§ How to complete this task
All lines from the one containing "93.57106) (angle 90) (layer Edge.Cuts) (width 0.1))" to the end of the entries below should be output exactly as they appear. No other lines should be output.

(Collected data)

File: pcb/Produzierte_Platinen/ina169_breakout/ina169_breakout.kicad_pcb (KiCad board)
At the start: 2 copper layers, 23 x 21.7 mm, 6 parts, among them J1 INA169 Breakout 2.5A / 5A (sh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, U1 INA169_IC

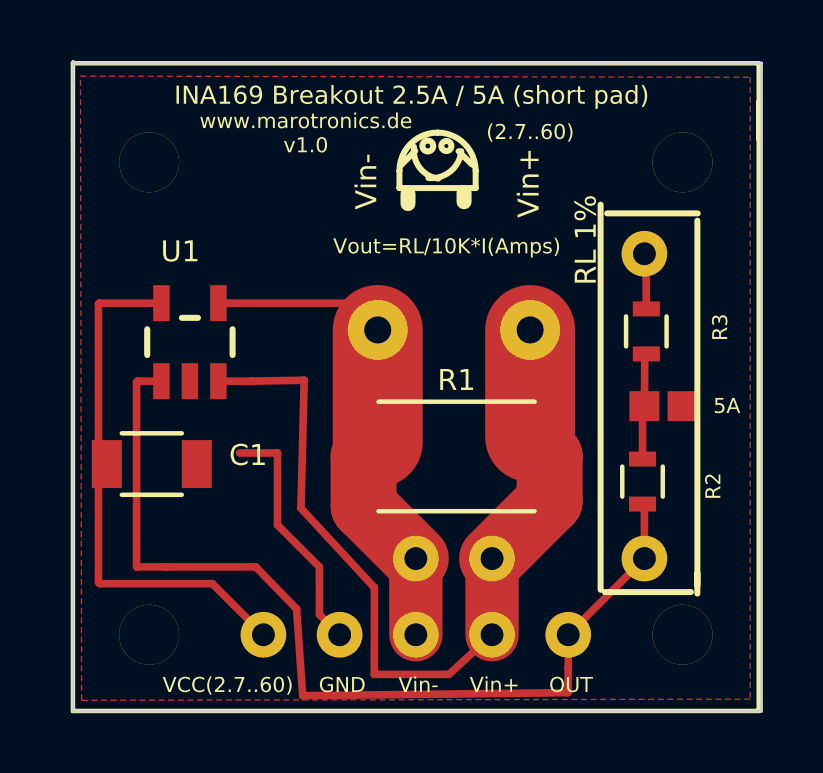
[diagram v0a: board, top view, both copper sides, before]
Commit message: ina169_breakout
3D Ansichten aktualisiert
Namen von Footprints umgeändert und angepasst an die neuen Bezeichnungen
von Kicad
----- keine Änderungen am Schaltplan vorgenommen -----
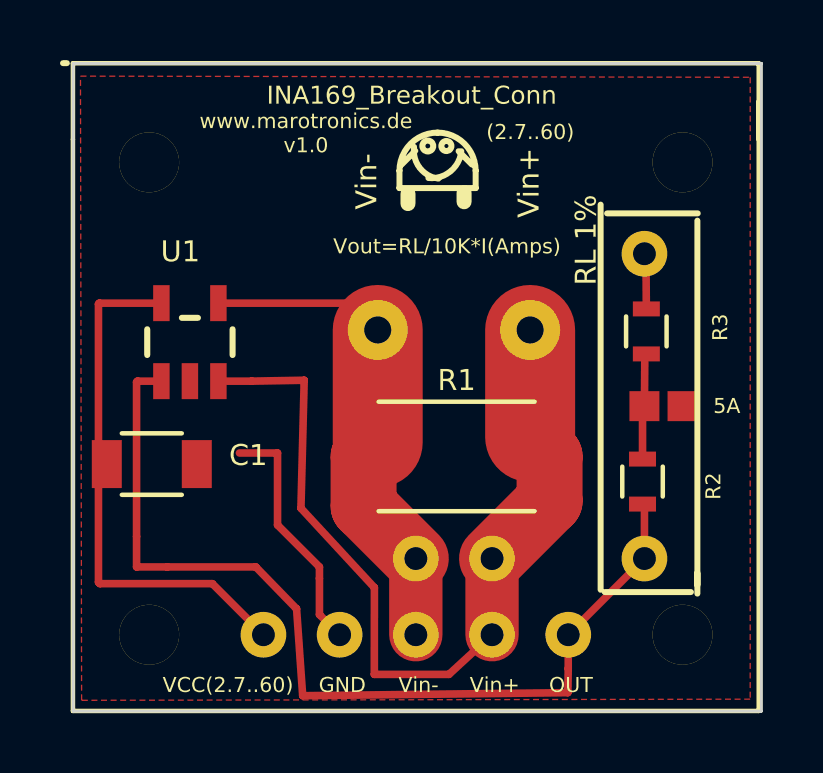
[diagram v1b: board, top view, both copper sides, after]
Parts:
- J1: value INA169 Breakout 2.5A / 5A (short pad) -> INA169_Breakout_Conn
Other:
- board size 23 x 21.7 mm -> 22.9 x 21.6 mm
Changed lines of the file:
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@@
-(kicad_pcb (version 4) (host pcbnew "(2015-01-13 BZR 5369)-product")
+(kicad_pcb (version 20160815) (host pcbnew "(2017-01-09 revision c2fb336)-makepkg")
   (general
     (links 19)
     (no_connects 0)
-    (area 136.995699 93.465179 160.070001 115.218681)
+    (area 137.029999 93.529999 160.070001 115.220001)
     (thickness 1.6)
-    (drawings 37)
+    (drawings 38)
     (tracks 57)
     (zones 0)
@@
       (hpglpenspeed 20)
       (hpglpendiameter 15)
-      (hpglpenoverlay 2)
       (psnegative false)
       (psa4output false)
@@
       (effects (font (size 1.5 1.5) (thickness 0.15)))
     )
-    (fp_text value "INA169 Breakout 2.5A / 5A (short pad)" (at -0.137145 -10.35925) (layer F.SilkS)
+    (fp_text value INA169_Breakout_Conn (at -0.137145 -10.35925) (layer F.SilkS)
       (effects (font (size 0.6 0.6) (thickness 0.1)))
     )
@@
     (pad 2 smd rect (at 3.1 0 180) (size 1 3.2) (layers F.Cu F.Paste F.Mask)
       (net 3 "Net-(J1-Pad3)"))
-    (model Resistors_SMD/R_2512.wrl
-      (at (xyz 0 0 0))
-      (scale (xyz 1 1 1))
-      (rotate (xyz 0 0 0))
+    (model ${KISYS3DMOD}/Resistors_SMD.3dshapes/R_2512.wrl
+      (at (xyz 0 0 0))
+      (scale (xyz 1 1 1))
+      (rotate (xyz 0 0 180))
     )
   )
@@
     (pad 5 smd rect (at -0.95 -1.3001) (size 0.55 1.2) (layers F.Cu F.Paste F.Mask)
       (net 1 "Net-(C1-Pad1)"))
+    (model ${KISYS3DMOD}/TO_SOT_Packages_SMD.3dshapes/SOT-23-5.wrl
+      (at (xyz 0 0 0))
+      (scale (xyz 1 1 1))
+      (rotate (xyz 0 0 -90))
+    )
   )
   (module Capacitors_SMD:C_1206 (layer F.Cu)
@@
     (pad 2 smd rect (at 1.5 0) (size 1 1.6) (layers F.Cu F.Paste F.Mask)
       (net 2 GND))
-    (model Capacitors_SMD/C_1206.wrl
+    (model ${KISYS3DMOD}/Capacitors_SMD.3dshapes/C_1206.wrl
       (at (xyz 0 0 0))
       (scale (xyz 1 1 1))
@@
     (pad 2 smd rect (at 0.75 0 90) (size 0.5 0.9) (layers F.Cu F.Paste F.Mask)
       (net 6 "Net-(R2-Pad2)"))
-    (model Resistors_SMD/R_0603.wrl
+    (model ${KISYS3DMOD}/Resistors_SMD.3dshapes/R_0603.wrl
       (at (xyz 0 0 0))
       (scale (xyz 1 1 1))
@@
     (pad 2 smd rect (at 0.75 0 90) (size 0.5 0.9) (layers F.Cu F.Paste F.Mask)
       (net 2 GND))
-    (model Resistors_SMD.3dshapes/R_0603.wrl
+    (model ${KISYS3DMOD}/Resistors_SMD.3dshapes/R_0603.wrl
       (at (xyz 0 0 0))
       (scale (xyz 1 1 1))
       (rotate (xyz 0 0 0))
     )
-    (model Resistors_SMD/R_0603.wrl
-      (at (xyz 0 0 0))
-      (scale (xyz 1 1 1))
-      (rotate (xyz 0 0 0))
-    )
-  )
+  )
+  (gr_line (start 160.02 115.17) (end 137.08 115.17) (angle 90) (layer Edge.Cuts) (width 0.1))
+  (gr_line (start 160.02 93.58) (end 160.02 115.17) (angle 90) (layer Edge.Cuts) (width 0.1))
+  (gr_line (start 137.08 93.58) (end 160.02 93.58) (angle 90) (layer Edge.Cuts) (width 0.1))
+  (gr_line (start 136.87 93.57) (end 136.74 93.57) (angle 90) (layer F.SilkS) (width 0.2))
+  (gr_line (start 137.08 115.16) (end 137.08 93.58) (angle 90) (layer Edge.Cuts) (width 0.1))
+  (gr_line (start 137.08 115.17) (end 137.08 115.16) (angle 90) (layer Edge.Cuts) (width 0.1))
   (gr_text 5A (at 158.86684 104.99852) (layer F.SilkS)
     (effects (font (size 0.5 0.5) (thickness 0.1)))
@@
     (effects (font (size 0.7 0.7) (thickness 0.1)))
   )
-  (gr_line (start 137.07364 93.51518) (end 137.07364 115.16868) (angle 90) (layer Edge.Cuts) (width 0.1))
-  (gr_line (start 160.02 93.57106) (end 160.02 115.16868) (angle 90) (layer Edge.Cuts) (width 0.1))
-  (gr_line (start 137.16 93.54312) (end 137.0457 93.54312) (angle 90) (layer Edge.Cuts) (width 0.1))
-  (gr_line (start 160.02 115.16868) (end 137.16 115.16868) (angle 90) (layer Edge.Cuts) (width 0.1))
-  (gr_line (start 137.07364 93.57106) (end 160.02 93.57106) (angle 90) (layer Edge.Cuts) (width 0.1))
-  (dimension 22.931388 (width 0.3) (layer B.Fab)
-    (gr_text "22,931 mm" (at 148.484532 119.46) (layer B.Fab)
+  (dimension 22.931388 (width 0.3) (layer Dwgs.User)
+    (gr_text "22,931 mm" (at 148.484532 119.46) (layer Dwgs.User)
       (effects (font (size 1.5 1.5) (thickness 0.3)))
     )
@@
     (arrow2b (pts (xy 137.018838 118.11) (xy 138.145342 117.523579)))
   )
-  (dimension 21.564616 (width 0.3) (layer B.Fab)
-    (gr_text "21,565 mm" (at 162.56 104.14 270) (layer B.Fab)
+  (dimension 21.564616 (width 0.3) (layer Dwgs.User)
+    (gr_text "21,565 mm" (at 162.56 104.14 270) (layer Dwgs.User)
       (effects (font (size 1.5 1.5) (thickness 0.3)))
     )

§ Task result
-  (gr_line (start 137.07364 93.57106) (end 160.02 93.57106) (angle 90) (layer Edge.Cuts) (width 0.1))
-  (dimension 22.931388 (width 0.3) (layer B.Fab)
-    (gr_text "22,931 mm" (at 148.484532 119.46) (layer B.Fab)
+  (dimension 22.931388 (width 0.3) (layer Dwgs.User)
+    (gr_text "22,931 mm" (at 148.484532 119.46) (layer Dwgs.User)
       (effects (font (size 1.5 1.5) (thickness 0.3)))
     )
@@
     (arrow2b (pts (xy 137.018838 118.11) (xy 138.145342 117.523579)))
   )
-  (dimension 21.564616 (width 0.3) (layer B.Fab)
-    (gr_text "21,565 mm" (at 162.56 104.14 270) (layer B.Fab)
+  (dimension 21.564616 (width 0.3) (layer Dwgs.User)
+    (gr_text "21,565 mm" (at 162.56 104.14 270) (layer Dwgs.User)
       (effects (font (size 1.5 1.5) (thickness 0.3)))
     )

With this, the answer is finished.